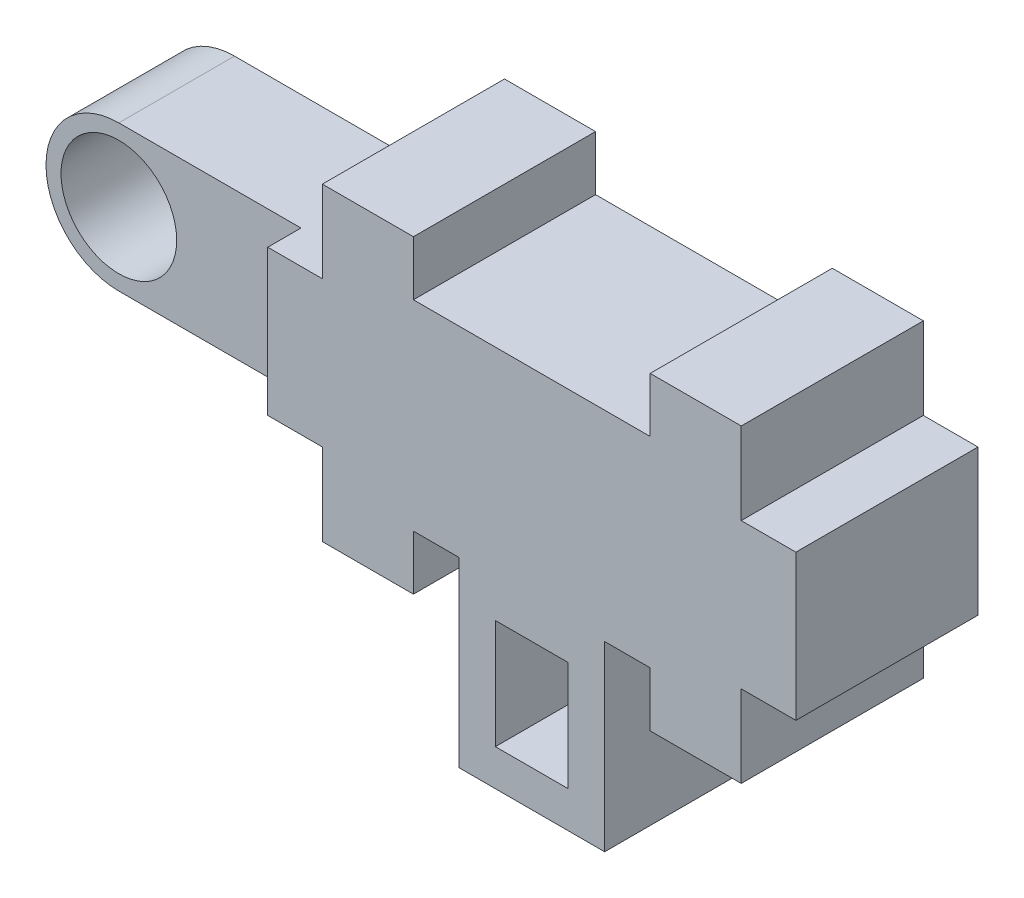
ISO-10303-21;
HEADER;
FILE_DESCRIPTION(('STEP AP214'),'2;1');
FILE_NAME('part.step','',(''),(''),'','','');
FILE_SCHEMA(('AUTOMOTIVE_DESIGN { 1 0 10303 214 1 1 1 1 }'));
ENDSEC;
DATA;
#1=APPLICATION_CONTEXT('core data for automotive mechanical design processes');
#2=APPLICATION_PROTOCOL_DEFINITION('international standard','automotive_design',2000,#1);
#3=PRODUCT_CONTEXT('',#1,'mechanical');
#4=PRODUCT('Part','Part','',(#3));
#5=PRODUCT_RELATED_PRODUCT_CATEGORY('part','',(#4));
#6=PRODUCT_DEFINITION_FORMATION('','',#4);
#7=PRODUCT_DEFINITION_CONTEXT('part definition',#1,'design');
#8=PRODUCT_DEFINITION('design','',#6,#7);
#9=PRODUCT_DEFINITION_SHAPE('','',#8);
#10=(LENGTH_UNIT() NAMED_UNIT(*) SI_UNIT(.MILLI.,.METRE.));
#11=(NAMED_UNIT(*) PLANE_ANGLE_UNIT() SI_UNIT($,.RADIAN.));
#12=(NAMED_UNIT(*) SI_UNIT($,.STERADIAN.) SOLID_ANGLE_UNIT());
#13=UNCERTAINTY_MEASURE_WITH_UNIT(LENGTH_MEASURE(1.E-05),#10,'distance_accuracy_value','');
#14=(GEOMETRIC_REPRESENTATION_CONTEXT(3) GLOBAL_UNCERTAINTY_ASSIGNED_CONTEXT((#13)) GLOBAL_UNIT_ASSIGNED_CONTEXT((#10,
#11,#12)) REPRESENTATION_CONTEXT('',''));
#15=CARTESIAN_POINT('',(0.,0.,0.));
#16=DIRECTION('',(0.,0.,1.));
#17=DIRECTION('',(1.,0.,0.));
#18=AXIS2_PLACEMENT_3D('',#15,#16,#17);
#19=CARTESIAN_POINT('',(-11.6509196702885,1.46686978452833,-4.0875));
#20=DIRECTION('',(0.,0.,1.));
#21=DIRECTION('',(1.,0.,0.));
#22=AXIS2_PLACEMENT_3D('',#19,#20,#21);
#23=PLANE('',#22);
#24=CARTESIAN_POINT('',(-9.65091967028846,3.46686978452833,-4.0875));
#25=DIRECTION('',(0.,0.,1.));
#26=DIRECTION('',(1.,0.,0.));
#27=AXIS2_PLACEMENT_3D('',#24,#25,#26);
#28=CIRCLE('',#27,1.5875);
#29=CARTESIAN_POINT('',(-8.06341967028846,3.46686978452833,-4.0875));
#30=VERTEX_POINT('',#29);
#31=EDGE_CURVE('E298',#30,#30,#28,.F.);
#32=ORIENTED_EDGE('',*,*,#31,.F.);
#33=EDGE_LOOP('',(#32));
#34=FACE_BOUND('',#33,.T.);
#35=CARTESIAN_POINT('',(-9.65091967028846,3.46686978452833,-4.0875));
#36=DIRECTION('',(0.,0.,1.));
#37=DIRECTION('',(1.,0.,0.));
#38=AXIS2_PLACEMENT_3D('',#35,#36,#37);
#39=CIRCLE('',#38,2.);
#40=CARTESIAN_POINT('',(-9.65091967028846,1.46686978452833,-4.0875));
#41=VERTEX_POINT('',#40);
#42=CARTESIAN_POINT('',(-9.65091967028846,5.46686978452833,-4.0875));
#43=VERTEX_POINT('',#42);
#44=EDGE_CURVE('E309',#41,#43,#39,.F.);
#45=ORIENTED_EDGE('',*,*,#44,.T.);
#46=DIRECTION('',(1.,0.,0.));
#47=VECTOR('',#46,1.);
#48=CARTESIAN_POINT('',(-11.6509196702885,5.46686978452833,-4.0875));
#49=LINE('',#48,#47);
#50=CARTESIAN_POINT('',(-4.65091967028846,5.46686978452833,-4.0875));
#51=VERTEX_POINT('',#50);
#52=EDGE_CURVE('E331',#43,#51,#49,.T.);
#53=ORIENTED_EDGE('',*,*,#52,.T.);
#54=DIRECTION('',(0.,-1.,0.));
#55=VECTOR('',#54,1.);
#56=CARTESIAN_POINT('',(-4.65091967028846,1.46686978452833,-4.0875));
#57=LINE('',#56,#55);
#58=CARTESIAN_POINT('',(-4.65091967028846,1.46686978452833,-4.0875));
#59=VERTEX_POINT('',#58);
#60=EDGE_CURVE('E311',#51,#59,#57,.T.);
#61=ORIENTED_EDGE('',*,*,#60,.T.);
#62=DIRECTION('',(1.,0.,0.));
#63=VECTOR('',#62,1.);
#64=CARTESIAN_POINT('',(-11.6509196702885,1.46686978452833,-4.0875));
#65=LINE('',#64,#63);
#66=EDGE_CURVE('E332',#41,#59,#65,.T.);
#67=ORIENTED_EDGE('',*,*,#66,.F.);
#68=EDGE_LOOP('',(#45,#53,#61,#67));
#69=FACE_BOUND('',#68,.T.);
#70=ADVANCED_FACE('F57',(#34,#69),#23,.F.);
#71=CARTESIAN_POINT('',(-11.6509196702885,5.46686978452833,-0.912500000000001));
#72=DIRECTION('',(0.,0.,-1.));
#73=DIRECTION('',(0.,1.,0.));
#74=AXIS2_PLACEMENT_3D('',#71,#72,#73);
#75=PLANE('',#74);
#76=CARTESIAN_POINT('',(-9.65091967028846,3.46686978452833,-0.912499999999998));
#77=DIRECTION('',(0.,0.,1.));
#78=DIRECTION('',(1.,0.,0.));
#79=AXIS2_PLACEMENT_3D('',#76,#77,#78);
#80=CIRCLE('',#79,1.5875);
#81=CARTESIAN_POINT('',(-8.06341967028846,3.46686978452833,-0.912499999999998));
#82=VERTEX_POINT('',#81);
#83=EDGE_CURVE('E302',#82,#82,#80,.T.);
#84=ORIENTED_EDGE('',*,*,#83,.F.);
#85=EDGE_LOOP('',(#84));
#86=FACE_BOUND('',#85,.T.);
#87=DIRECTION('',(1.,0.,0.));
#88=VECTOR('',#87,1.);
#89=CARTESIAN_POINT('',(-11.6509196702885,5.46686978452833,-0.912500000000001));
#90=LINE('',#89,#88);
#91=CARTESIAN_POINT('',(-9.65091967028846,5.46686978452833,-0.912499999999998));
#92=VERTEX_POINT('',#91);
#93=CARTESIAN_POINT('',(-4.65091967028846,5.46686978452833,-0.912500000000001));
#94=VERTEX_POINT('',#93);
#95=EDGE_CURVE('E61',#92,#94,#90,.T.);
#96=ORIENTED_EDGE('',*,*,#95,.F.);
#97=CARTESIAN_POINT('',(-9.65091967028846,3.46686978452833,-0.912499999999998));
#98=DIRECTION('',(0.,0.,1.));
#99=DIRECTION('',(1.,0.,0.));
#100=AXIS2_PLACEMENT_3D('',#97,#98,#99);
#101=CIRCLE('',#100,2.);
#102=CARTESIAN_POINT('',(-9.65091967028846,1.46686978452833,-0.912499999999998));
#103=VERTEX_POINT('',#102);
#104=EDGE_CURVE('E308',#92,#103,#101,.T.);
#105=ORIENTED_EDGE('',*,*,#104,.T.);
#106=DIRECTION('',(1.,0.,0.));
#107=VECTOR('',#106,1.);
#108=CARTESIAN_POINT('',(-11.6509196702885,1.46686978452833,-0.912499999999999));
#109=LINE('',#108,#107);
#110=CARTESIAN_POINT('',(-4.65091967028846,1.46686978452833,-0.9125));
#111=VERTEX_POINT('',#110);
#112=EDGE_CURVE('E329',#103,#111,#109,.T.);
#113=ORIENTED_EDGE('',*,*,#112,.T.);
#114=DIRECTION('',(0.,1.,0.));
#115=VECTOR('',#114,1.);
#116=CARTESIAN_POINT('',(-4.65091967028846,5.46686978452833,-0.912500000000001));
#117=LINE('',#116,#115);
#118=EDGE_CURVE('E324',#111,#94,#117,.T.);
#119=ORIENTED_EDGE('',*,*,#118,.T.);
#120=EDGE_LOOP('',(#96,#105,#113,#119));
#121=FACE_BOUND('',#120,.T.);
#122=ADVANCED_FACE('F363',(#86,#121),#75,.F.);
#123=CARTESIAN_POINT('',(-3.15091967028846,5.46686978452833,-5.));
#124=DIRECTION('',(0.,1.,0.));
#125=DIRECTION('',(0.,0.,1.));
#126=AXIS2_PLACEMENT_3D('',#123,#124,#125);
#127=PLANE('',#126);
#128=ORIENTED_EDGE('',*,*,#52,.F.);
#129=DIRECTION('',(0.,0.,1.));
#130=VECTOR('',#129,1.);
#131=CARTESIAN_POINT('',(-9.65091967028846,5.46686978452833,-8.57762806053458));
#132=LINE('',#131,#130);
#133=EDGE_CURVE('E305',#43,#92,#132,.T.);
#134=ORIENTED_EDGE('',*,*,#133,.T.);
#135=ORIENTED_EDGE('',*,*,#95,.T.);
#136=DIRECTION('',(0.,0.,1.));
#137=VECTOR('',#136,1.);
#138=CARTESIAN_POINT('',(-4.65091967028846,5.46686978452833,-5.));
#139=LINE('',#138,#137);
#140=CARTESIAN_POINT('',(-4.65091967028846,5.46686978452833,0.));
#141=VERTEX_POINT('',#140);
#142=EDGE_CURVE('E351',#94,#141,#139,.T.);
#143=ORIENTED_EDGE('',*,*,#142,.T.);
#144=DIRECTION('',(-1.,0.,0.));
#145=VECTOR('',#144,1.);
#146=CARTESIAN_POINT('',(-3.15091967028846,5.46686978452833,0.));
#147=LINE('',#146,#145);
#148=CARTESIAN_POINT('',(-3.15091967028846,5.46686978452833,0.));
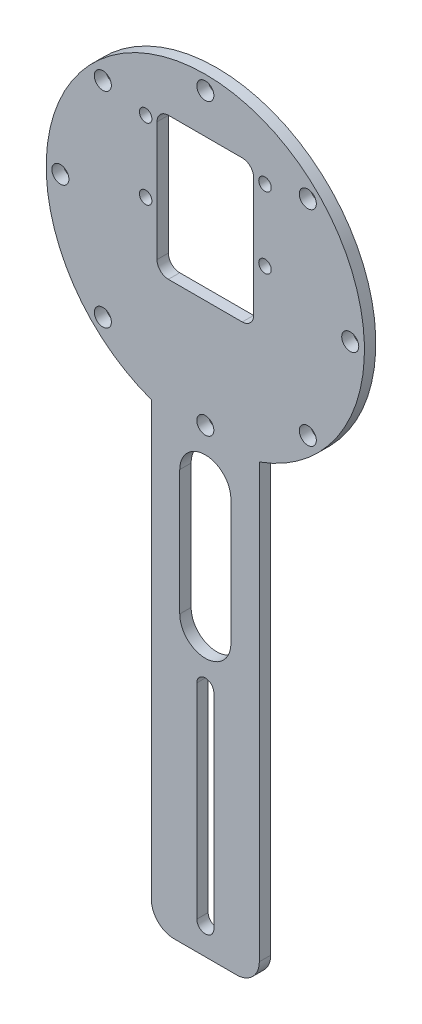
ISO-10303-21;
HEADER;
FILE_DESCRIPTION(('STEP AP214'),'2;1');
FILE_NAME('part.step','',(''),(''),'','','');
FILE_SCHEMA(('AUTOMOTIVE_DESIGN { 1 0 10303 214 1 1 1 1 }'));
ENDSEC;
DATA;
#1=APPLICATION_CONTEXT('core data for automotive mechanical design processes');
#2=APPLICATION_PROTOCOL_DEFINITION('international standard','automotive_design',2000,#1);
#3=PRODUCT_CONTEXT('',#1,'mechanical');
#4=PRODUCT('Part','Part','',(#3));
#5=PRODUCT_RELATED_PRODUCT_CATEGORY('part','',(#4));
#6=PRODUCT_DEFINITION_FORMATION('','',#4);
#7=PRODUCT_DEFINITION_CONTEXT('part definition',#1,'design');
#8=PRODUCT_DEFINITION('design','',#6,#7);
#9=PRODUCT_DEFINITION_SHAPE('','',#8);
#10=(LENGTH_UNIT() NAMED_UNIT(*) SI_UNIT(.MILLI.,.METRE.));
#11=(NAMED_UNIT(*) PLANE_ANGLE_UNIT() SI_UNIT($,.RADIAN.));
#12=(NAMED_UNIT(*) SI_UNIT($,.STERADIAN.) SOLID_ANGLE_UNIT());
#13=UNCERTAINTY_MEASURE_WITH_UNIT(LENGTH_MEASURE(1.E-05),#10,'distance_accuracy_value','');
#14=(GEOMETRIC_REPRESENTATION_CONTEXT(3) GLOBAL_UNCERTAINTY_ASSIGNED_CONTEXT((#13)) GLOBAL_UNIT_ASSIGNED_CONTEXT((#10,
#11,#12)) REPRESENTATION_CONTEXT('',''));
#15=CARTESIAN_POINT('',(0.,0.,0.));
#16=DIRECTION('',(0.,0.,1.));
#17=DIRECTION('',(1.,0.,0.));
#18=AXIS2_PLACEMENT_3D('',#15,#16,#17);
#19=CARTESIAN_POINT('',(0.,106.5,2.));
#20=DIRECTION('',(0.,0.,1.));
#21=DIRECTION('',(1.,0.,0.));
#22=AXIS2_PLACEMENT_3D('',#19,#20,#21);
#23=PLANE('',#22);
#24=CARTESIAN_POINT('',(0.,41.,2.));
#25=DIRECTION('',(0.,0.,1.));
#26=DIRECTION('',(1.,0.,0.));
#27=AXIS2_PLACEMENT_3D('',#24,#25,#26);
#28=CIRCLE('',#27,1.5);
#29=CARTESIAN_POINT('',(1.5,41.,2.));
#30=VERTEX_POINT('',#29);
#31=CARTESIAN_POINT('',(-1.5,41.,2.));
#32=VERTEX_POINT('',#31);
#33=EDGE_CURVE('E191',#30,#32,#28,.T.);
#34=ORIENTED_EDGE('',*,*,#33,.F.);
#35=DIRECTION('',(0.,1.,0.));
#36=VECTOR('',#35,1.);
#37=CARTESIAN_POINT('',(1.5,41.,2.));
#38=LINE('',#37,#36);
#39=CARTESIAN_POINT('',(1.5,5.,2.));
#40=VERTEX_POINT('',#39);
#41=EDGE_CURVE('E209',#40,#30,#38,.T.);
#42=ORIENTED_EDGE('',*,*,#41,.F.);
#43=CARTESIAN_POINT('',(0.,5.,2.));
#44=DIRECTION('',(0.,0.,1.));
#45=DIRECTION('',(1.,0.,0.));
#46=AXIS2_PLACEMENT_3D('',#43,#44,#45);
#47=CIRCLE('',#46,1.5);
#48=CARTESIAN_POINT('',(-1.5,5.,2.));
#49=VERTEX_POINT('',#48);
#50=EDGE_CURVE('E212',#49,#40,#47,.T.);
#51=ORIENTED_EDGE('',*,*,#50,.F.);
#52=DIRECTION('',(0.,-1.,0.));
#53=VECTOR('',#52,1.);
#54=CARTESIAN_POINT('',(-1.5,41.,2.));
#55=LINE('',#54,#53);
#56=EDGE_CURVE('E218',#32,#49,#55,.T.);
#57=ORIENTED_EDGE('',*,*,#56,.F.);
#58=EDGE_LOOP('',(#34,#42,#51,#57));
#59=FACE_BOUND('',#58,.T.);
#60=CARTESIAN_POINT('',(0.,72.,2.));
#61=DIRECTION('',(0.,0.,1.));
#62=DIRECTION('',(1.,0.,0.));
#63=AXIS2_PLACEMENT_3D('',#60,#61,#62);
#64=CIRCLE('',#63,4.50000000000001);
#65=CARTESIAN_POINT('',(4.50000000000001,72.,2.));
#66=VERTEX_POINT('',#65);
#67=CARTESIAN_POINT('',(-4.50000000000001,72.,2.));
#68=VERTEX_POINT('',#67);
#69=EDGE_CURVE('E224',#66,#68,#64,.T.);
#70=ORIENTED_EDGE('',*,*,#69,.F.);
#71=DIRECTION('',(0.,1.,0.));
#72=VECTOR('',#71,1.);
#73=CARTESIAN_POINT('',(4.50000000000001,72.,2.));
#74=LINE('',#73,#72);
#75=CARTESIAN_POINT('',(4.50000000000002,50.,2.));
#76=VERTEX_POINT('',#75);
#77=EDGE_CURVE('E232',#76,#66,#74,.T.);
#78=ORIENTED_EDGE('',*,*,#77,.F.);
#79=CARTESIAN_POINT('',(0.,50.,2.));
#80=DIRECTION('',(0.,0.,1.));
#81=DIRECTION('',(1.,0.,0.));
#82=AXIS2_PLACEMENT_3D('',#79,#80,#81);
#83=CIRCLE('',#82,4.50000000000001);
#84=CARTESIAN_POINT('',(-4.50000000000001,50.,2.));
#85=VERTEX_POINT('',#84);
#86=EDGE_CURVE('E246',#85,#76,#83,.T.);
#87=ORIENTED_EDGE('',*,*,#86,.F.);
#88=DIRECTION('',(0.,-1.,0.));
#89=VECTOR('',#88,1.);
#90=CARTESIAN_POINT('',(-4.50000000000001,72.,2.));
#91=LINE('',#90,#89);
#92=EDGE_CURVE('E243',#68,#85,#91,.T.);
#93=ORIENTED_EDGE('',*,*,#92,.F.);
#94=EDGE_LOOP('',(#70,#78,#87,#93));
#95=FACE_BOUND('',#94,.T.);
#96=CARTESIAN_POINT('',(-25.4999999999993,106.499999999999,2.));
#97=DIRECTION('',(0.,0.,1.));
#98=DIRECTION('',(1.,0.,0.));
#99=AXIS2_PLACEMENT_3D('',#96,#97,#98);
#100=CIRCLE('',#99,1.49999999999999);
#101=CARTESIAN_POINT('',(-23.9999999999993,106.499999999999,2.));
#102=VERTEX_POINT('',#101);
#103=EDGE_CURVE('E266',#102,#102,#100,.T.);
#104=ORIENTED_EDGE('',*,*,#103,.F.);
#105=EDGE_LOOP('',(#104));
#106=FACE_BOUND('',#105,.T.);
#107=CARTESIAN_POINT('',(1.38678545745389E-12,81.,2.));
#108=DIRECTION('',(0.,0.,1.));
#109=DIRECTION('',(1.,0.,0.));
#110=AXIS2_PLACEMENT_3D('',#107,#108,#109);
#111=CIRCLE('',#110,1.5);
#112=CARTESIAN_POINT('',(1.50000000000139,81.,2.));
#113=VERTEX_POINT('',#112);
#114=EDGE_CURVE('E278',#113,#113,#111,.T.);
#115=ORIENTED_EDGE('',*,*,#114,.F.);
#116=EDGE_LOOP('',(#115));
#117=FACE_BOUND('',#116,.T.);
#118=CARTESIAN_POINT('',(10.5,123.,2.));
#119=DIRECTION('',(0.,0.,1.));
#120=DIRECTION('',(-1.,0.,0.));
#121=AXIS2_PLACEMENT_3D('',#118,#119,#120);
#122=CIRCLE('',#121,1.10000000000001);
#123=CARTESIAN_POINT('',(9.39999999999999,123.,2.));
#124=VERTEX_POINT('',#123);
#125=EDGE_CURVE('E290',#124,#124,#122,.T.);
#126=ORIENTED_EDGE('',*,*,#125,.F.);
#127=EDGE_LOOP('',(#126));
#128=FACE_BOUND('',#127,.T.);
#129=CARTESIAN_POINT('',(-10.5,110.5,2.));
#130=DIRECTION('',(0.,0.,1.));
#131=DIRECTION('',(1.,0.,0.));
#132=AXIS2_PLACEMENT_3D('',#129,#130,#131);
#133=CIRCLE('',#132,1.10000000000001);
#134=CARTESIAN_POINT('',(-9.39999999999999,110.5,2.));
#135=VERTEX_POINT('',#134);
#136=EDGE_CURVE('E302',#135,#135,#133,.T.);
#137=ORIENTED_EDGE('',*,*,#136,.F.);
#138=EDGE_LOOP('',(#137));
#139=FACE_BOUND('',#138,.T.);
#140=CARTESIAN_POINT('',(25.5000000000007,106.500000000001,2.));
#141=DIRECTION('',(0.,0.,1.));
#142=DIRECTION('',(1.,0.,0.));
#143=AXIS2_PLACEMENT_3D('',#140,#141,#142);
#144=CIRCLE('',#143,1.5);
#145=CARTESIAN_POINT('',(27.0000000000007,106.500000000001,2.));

* * *

● What the exercise asks
What is asked for is an exact copy of the lines above from the one containing "#66=VERTEX_POINT('',#65);" through the one containing "#74=LINE('',#73,#72);", and only those.

● Solution for this exercise
#66=VERTEX_POINT('',#65);
#67=CARTESIAN_POINT('',(-4.50000000000001,72.,2.));
#68=VERTEX_POINT('',#67);
#69=EDGE_CURVE('E224',#66,#68,#64,.T.);
#70=ORIENTED_EDGE('',*,*,#69,.F.);
#71=DIRECTION('',(0.,1.,0.));
#72=VECTOR('',#71,1.);
#73=CARTESIAN_POINT('',(4.50000000000001,72.,2.));
#74=LINE('',#73,#72);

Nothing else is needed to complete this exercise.